As demonstrated by the provisional data released by Eurostat on Friday, January 6, the eurozone is slowly winning its battle against inflation, with Spain leading the way. According to their figures for December, inflation in the zone fell by almost one point, down to an average rate of 9.2 per cent.
Spain closed the year as the country with the lowest rate, 3.6 points below the European average, at 5.6 per cent.
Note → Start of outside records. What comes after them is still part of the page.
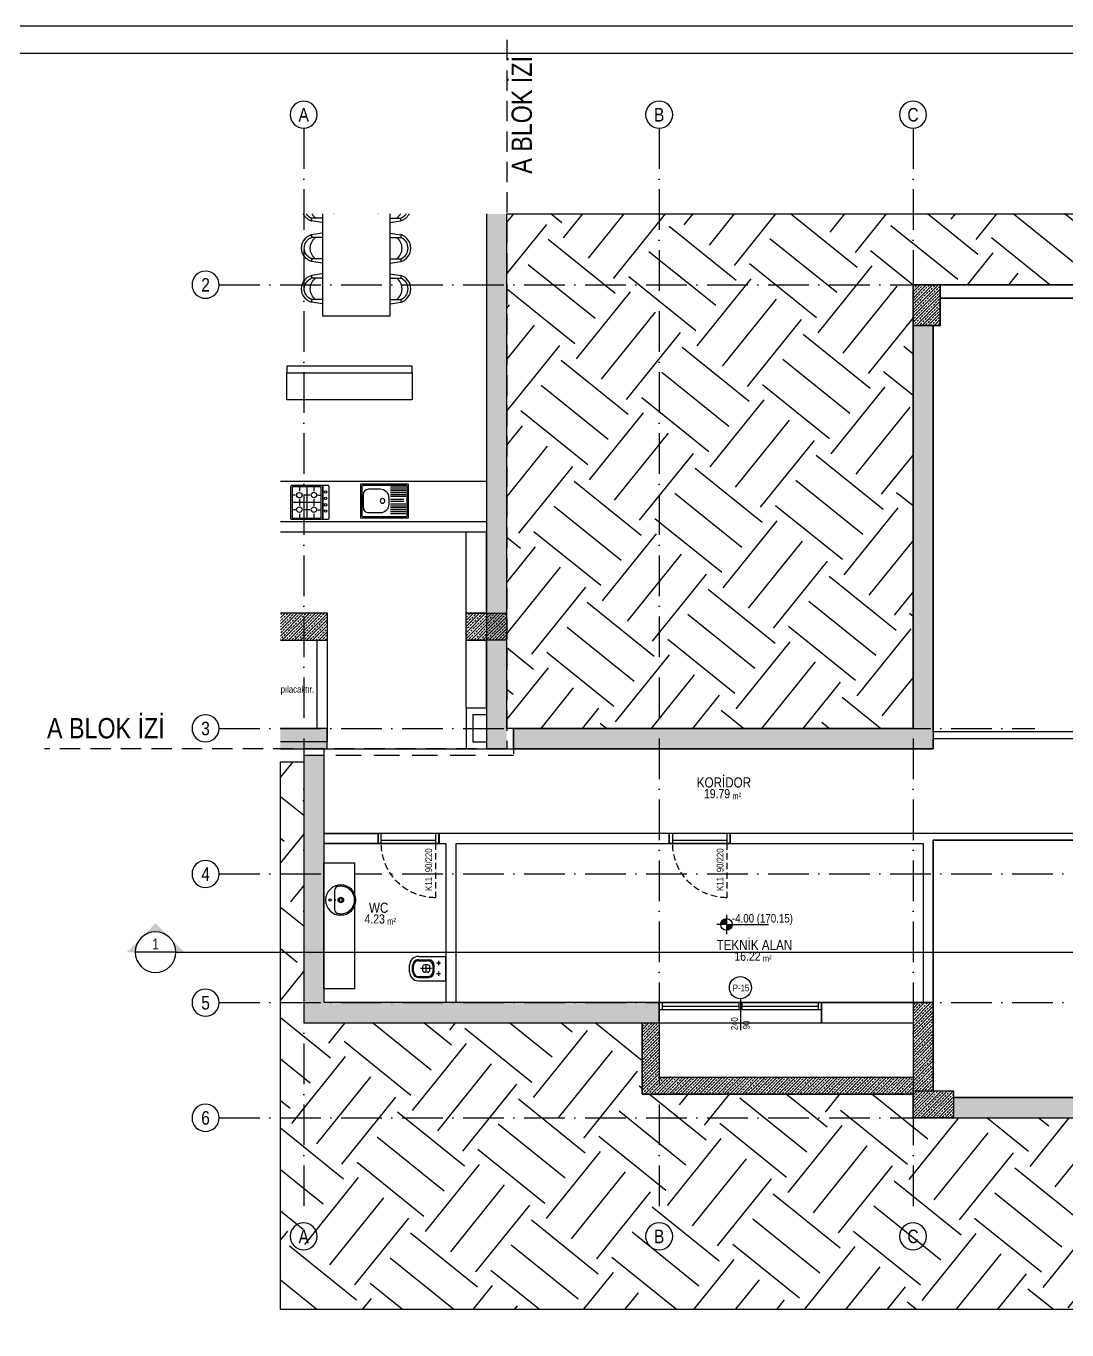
# Model space of a CAD drawing. Header units: millimetres. Extents: x 82776 to 137242, y 11666 to 27998.
# Drawn here: x 98441 to 99979, y 21628 to 23554 of the extents above; entities that cross this region are included whole.
import ezdxf
from ezdxf.enums import TextEntityAlignment as Align
from ezdxf.xclip import XClip

# ---------------------------------------------------------------- set-up
doc = ezdxf.new("R2010")
doc.units = ezdxf.units.MM
doc.header["$XCLIPFRAME"] = 0
for name, pattern in [('( Hidden )', [0.375, 0.25, -0.125]), ('ACAD_ISO10W100', [18, 12, -3, 0, -3]), ('DASHED', [15, 10, -5]), ('GC5102G0200$0$HIDDEN', [9.525, 6.35, -3.175])]:
    doc.linetypes.add(name, pattern=pattern)
doc.layers.add('0_IFC_Area', color=100, linetype='Continuous', plot=False)
for name, color, linetype in [('0_IFC_Door_Text', 11, 'Continuous'), ('0_IFC_Elevation_5', 252, 'Continuous'), ('0_IFC_Grid', 14, 'ACAD_ISO10W100'), ('0_IFC_Grid_Text_100', 14, 'Continuous'), ('0_IFC_Hatch', 250, 'Continuous'), ('0_IFC_Hatch_Structure', 251, 'Continuous'), ('0_IFC_Legend_Viewport', 7, 'Continuous'), ('0_IFC_Notation_Level_200', 160, 'Continuous'), ('0_IFC_Notation_Section_50', 10, 'Continuous'), ('0_IFC_Room_Text(No)_50', 12, 'Continuous'), ('0_IFC_Text_Explanation_50', 231, 'Continuous'), ('0_IFC_Window_Text', 60, 'Continuous'), ('1_IFC_Concrete_Section', 50, 'Continuous'), ('1_IFC_Door', 83, 'Continuous'), ('2_IFC_Wall', 130, 'Continuous'), ('3_IFC_Window', 136, 'Continuous'), ('6_IFC_Furniture', 35, 'Continuous'), ('6_IFC_Furniture_WC', 64, 'Continuous'), ('6_IFC_Furniture_Wetspace', 64, 'Continuous')]:
    doc.layers.add(name, color=color, linetype=linetype)
doc.styles.add('ARIAL-NARROW', font='ARIALN.TTF')
doc.styles.add('IFC_TEXT', font='ARIALN.TTF')
pattern_1 = [(225, (-98017.972, -21881.323), (4.49012806, -4.49012806), []), (225, (-98022.462, -21881.323), (4.49012806, -4.49012806), [3.175, -1.5875])]
pattern_2 = [(225, (-94669.722, -21180.152), (4.49012806, -4.49012806), []), (225, (-94674.212, -21180.152), (4.49012806, -4.49012806), [3.175, -1.5875])]
pattern_3 = [(225, (-105891.8525, -41506.1965), (4.49012806, -4.49012806), []), (225, (-105896.3426, -41506.1965), (4.49012806, -4.49012806), [3.175, -1.5875])]
pattern_4 = [(225, (-105891.8525, -40556.1965), (4.49012806, -4.49012806), []), (225, (-105896.3426, -40556.1965), (4.49012806, -4.49012806), [3.175, -1.5875])]
pattern_5 = [(225, (-95132.064, -27462.745), (4.49012806, -4.49012806), []), (225, (-95136.554, -27462.745), (4.49012806, -4.49012806), [3.175, -1.5875])]

# ---------------------------------------------------------------- blocks, each defined once
blk = doc.blocks.new('*U706')
at = {"layer": '0_IFC_Legend_Viewport', "transparency": 33554687}
blk.add_lwpolyline([(-4296.5, 2920), (0, 2920), (0, 0), (-4296.5, 0)], close=True, dxfattribs=at)
at = {"style": 'IFC_TEXT'}
for tag, p in [('PAFTA', (-2975.3, 17.9)), ('KOT', (-1159.1, 18)), ('OLCEK', (-110.4, 17.9))]:
    blk.add_attdef(tag, p, '', height=35, dxfattribs=at)
blk = doc.blocks.new('B NK ST')
at = {"layer": '0_IFC_Hatch_Structure', "transparency": 33554687}
h = blk.add_hatch(dxfattribs=at)
h.set_pattern_fill('ANSI33', color=256, angle=180)
h.set_pattern_definition(pattern_1)
h.paths.add_polyline_path([(0, 1230), (40, 1230), (40, 1170), (0, 1170)])
h = blk.add_hatch(dxfattribs=at)
h.set_pattern_fill('ANSI33', color=256, angle=180)
h.set_pattern_definition(pattern_1)
h.paths.add_polyline_path([(0, 0), (0, 40), (60, 40), (60, 0)])
at = {"layer": '1_IFC_Concrete_Section'}
for points in [[(0, 1230), (40, 1230), (40, 1170), (0, 1170)], [(0, 0), (0, 40), (60, 40), (60, 0)]]:
    blk.add_lwpolyline(points, close=True, dxfattribs=at)
blk = doc.blocks.new('B B1 ST')
at = {"layer": '0_IFC_Hatch_Structure', "transparency": 33554687}
h = blk.add_hatch(dxfattribs=at)
h.set_pattern_fill('ANSI33', color=256, angle=180)
h.set_pattern_definition(pattern_2)
h.paths.add_polyline_path([(-590, 575), (0, 575), (0, 1170), (30, 1170), (30, 545), (-590, 545)])
h = blk.add_hatch(dxfattribs=at)
h.set_pattern_fill('ANSI33', color=256, angle=180)
h.set_pattern_definition(pattern_2)
h.paths.add_polyline_path([(-900, 535), (-900, 140), (-375, 140), (-375, 170), (-870, 170), (-870, 535)])
h = blk.add_hatch(dxfattribs=at)
h.set_pattern_fill('ANSI33', color=256, angle=180)
h.set_pattern_definition(pattern_2)
h.paths.add_polyline_path([(30, 170), (0, 170), (0, 40), (30, 40)])
h = blk.add_hatch(dxfattribs=at)
h.set_pattern_fill('ANSI33', color=256, angle=180)
h.set_pattern_definition(pattern_2)
h.paths.add_polyline_path([(-375, 140), (-375, 60), (0, 60), (0, 35), (-400, 35), (-400, 140)])
h = blk.add_hatch(dxfattribs=at)
h.set_pattern_fill('ANSI33', color=256, angle=180)
h.set_pattern_definition([(225, (-95989.7425, -21180.262), (4.49012806, -4.49012806), []), (225, (-95994.2326, -21180.262), (4.49012806, -4.49012806), [3.175, -1.5875])])
h.paths.add_polyline_path([(60, -0.1), (640, -0.1), (640, 29.9), (60, 29.9)])
at = {"layer": '1_IFC_Concrete_Section'}
for points in [[(-590, 575), (0, 575), (0, 1170), (30, 1170), (30, 545), (-590, 545)], [(-900, 535), (-900, 140), (-375, 140), (-375, 170), (-870, 170), (-870, 535)], [(30, 170), (0, 170), (0, 40), (30, 40)], [(-375, 140), (-375, 60), (0, 60), (0, 35), (-400, 35), (-400, 140)], [(60, -0.1), (640, -0.1), (640, 29.9), (60, 29.9)]]:
    blk.add_lwpolyline(points, close=True, dxfattribs=at)
blk.add_blockref('B NK ST', (0, 0))
blk = doc.blocks.new('0_IFC_AXIS_TEXT_100')
at = {"layer": '0_IFC_Grid_Text_100'}
blk.add_circle((0, 1000), 1000, dxfattribs=at)
at = {"layer": '0_IFC_Grid_Text_100', "style": 'IFC_TEXT'}
blk.add_attdef('AXIS_NO', text='', height=1000, dxfattribs=at).set_placement((0, 993), align=Align.MIDDLE_CENTER)
blk = doc.blocks.new('B_B1 AKS')
at = {"layer": '0_IFC_Grid', "ltscale": 5}
for points in [[(-900, 1461.13881), (-900, -155)], [(-375, 1461.13881), (-375, -155)], [(0, 1461.13881), (0, -155)], [(-1025, 1230), (2715, 1230)], [(-1025, 575), (180, 575)], [(-1025, 360), (2715, 360)], [(-1025, 170), (2715, 170)], [(-1025, 0), (2715, 0)]]:
    blk.add_lwpolyline(points, dxfattribs=at)
ref = blk.add_blockref('0_IFC_AXIS_TEXT_100', (-900, 1461.13881), dxfattribs=dict(xscale=-0.02, yscale=0.02, zscale=0.02, rotation=0.0064968962269241))
ref.add_attrib('AXIS_NO', 'A', dxfattribs={"layer": '0_IFC_Grid_Text_100', "height": 20, "rotation": 0.0064969, "style": 'IFC_TEXT'}).set_placement((-900.00225, 1480.99313), align=Align.MIDDLE_CENTER)
ref = blk.add_blockref('0_IFC_AXIS_TEXT_100', (-375, 1461.13881), dxfattribs=dict(xscale=-0.02, yscale=0.02, zscale=0.02, rotation=0.0064968962269241))
ref.add_attrib('AXIS_NO', 'B', dxfattribs={"layer": '0_IFC_Grid_Text_100', "height": 20, "rotation": 0.0064969, "style": 'IFC_TEXT'}).set_placement((-375.00225, 1480.99313), align=Align.MIDDLE_CENTER)
ref = blk.add_blockref('0_IFC_AXIS_TEXT_100', (0, 1461.13881), dxfattribs=dict(xscale=-0.02, yscale=0.02, zscale=0.02, rotation=0.0064968962269241))
ref.add_attrib('AXIS_NO', 'C', dxfattribs={"layer": '0_IFC_Grid_Text_100', "height": 20, "rotation": 0.0064969, "style": 'IFC_TEXT'}).set_placement((-0.00225, 1480.99313), align=Align.MIDDLE_CENTER)
ref = blk.add_blockref('0_IFC_AXIS_TEXT_100', (-1044.99773, 1209.99773), dxfattribs=dict(xscale=-0.02, yscale=0.02, zscale=0.02, rotation=0.0064968962269241))
ref.add_attrib('AXIS_NO', '2', dxfattribs={"layer": '0_IFC_Grid_Text_100', "height": 20, "rotation": 0.0064969, "style": 'IFC_TEXT'}).set_placement((-1044.99998, 1229.85205), align=Align.MIDDLE_CENTER)
ref = blk.add_blockref('0_IFC_AXIS_TEXT_100', (-1044.99773, 554.99773), dxfattribs=dict(xscale=-0.02, yscale=0.02, zscale=0.02, rotation=0.0064968962269241))
ref.add_attrib('AXIS_NO', '3', dxfattribs={"layer": '0_IFC_Grid_Text_100', "height": 20, "rotation": 0.0064969, "style": 'IFC_TEXT'}).set_placement((-1044.99998, 574.85205), align=Align.MIDDLE_CENTER)
ref = blk.add_blockref('0_IFC_AXIS_TEXT_100', (-1044.99773, 339.99773), dxfattribs=dict(xscale=-0.02, yscale=0.02, zscale=0.02, rotation=0.0064968962269241))
ref.add_attrib('AXIS_NO', '4', dxfattribs={"layer": '0_IFC_Grid_Text_100', "height": 20, "rotation": 0.0064969, "style": 'IFC_TEXT'}).set_placement((-1044.99998, 359.85205), align=Align.MIDDLE_CENTER)
ref = blk.add_blockref('0_IFC_AXIS_TEXT_100', (-1044.99773, 149.99773), dxfattribs=dict(xscale=-0.02, yscale=0.02, zscale=0.02, rotation=0.0064968962269241))
ref.add_attrib('AXIS_NO', '5', dxfattribs={"layer": '0_IFC_Grid_Text_100', "height": 20, "rotation": 0.0064969, "style": 'IFC_TEXT'}).set_placement((-1044.99998, 169.85205), align=Align.MIDDLE_CENTER)
ref = blk.add_blockref('0_IFC_AXIS_TEXT_100', (-1044.99773, -20.00227), dxfattribs=dict(xscale=-0.02, yscale=0.02, zscale=0.02, rotation=0.0064968962269241))
ref.add_attrib('AXIS_NO', '6', dxfattribs={"layer": '0_IFC_Grid_Text_100', "height": 20, "rotation": 0.0064969, "style": 'IFC_TEXT'}).set_placement((-1044.99998, -0.14795), align=Align.MIDDLE_CENTER)
ref = blk.add_blockref('0_IFC_AXIS_TEXT_100', (-899.99738, -195), dxfattribs=dict(xscale=-0.02, yscale=0.02, zscale=0.02, rotation=0.0064968962269241))
ref.add_attrib('AXIS_NO', 'A', dxfattribs={"layer": '0_IFC_Grid_Text_100', "height": 20, "rotation": 0.0064969, "style": 'IFC_TEXT'}).set_placement((-899.99963, -175.14568), align=Align.MIDDLE_CENTER)
ref = blk.add_blockref('0_IFC_AXIS_TEXT_100', (-374.99738, -195), dxfattribs=dict(xscale=-0.02, yscale=0.02, zscale=0.02, rotation=0.0064968962269241))
ref.add_attrib('AXIS_NO', 'B', dxfattribs={"layer": '0_IFC_Grid_Text_100', "height": 20, "rotation": 0.0064969, "style": 'IFC_TEXT'}).set_placement((-374.99963, -175.14568), align=Align.MIDDLE_CENTER)
ref = blk.add_blockref('0_IFC_AXIS_TEXT_100', (0.00262, -195), dxfattribs=dict(xscale=-0.02, yscale=0.02, zscale=0.02, rotation=0.0064968962269241))
ref.add_attrib('AXIS_NO', 'C', dxfattribs={"layer": '0_IFC_Grid_Text_100', "height": 20, "rotation": 0.0064969, "style": 'IFC_TEXT'}).set_placement((0.00037, -175.14568), align=Align.MIDDLE_CENTER)
blk = doc.blocks.new('0_IFC_DOOR_TAG_50')
at = {"layer": '0_IFC_Door_Text', "style": 'IFC_TEXT'}
for tag, p in [('DOOR_TYPE', (0, 0)), ('DOOR_SIZE', (27.7, 0))]:
    blk.add_attdef(tag, p, '', height=10, dxfattribs=at)
blk = doc.blocks.new('B_B1_KAPI POZU')
at = {"transparency": 33554687, "rotation": 90}
for p in [(-2710.4, 335, 425.7), (-2280, 335, 425.7)]:
    blk.add_blockref('0_IFC_DOOR_TAG_50', p, dxfattribs=at).add_auto_attribs({'DOOR_TYPE': 'K11', 'DOOR_SIZE': '90/220'})
blk = doc.blocks.new('0_IFC_ROOM_TEXT_50')
at = {"layer": '0_IFC_Room_Text(No)_50', "insert": (13.2, -40), "char_height": 9.62, "attachment_point": 1, "style": 'IFC_TEXT'}
blk.add_mtext_dynamic_manual_height_columns('m²', width=16.695, gutter_width=6.88, heights=[0], dxfattribs=at)
at = {"layer": '0_IFC_Room_Text(No)_50', "style": 'IFC_TEXT'}
blk.add_attdef('ROOM_NAME', text='', height=13.5, dxfattribs=at).set_placement((0.7, -24.8), align=Align.MIDDLE_CENTER)
blk.add_attdef('ROOM_NUMBER', text='', height=7.7, dxfattribs=at).set_placement((0.7, -10.7), align=Align.CENTER)
blk.add_attdef('AREA', text='', height=13.5, dxfattribs=at).set_placement((9.8, -49.7), align=Align.RIGHT)
at = {"layer": '0_IFC_Text_Explanation_50', "style": 'IFC_TEXT', "flags": 1}
for tag, p in [('DÖŞEME:', (-41.1, -64.4)), ('DUVAR:', (-41.1, -75.5)), ('TAVAN:', (-41.1, -86.7))]:
    blk.add_attdef(tag, p, '', height=7.7, dxfattribs=at)
blk = doc.blocks.new('A_B1_NET ALAN')
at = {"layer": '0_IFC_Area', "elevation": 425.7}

According to the provisional data, Spain cut the year-on-year inflation rate by 1.1 points, compared with 6.7 per cent in November.
The fall in the eurozone was somewhat smaller, at 0.9 points, falling from an average of 10.1 per cent in November to 9.2 per cent in December.
Luxembourg, France and Malta follow behind Spain, with rates of 6.2 per cent, 6.7 per cent and 7.3 per cent respectively. By contrast, those with the highest figures in the last month of the year were Latvia, Lithuania and Estonia, with rates of 20.7 per cent, 20.0 per cent and 17.5 per cent respectively.
Energy – as expected – is the most expensive product category, although the price increase of 25.7 per cent in December is a drop of almost ten points compared to the 34.9 per cent recorded in November.
Next on the list of product prices are processed food, alcohol, and tobacco, with a year-on-year inflation rate of 13.8 per cent, compared with 13.6 per cent in November.
Spain’s current position as the country with the cheapest inflation rate is relevant to it being less reliant on Russian energy than most European economies. Moreover, the gas price cap that operates on the Iberian Peninsula between Spain and Portugal, has contributed to these lower prices to a greater extent than in other countries, as reported by 20minutos.es.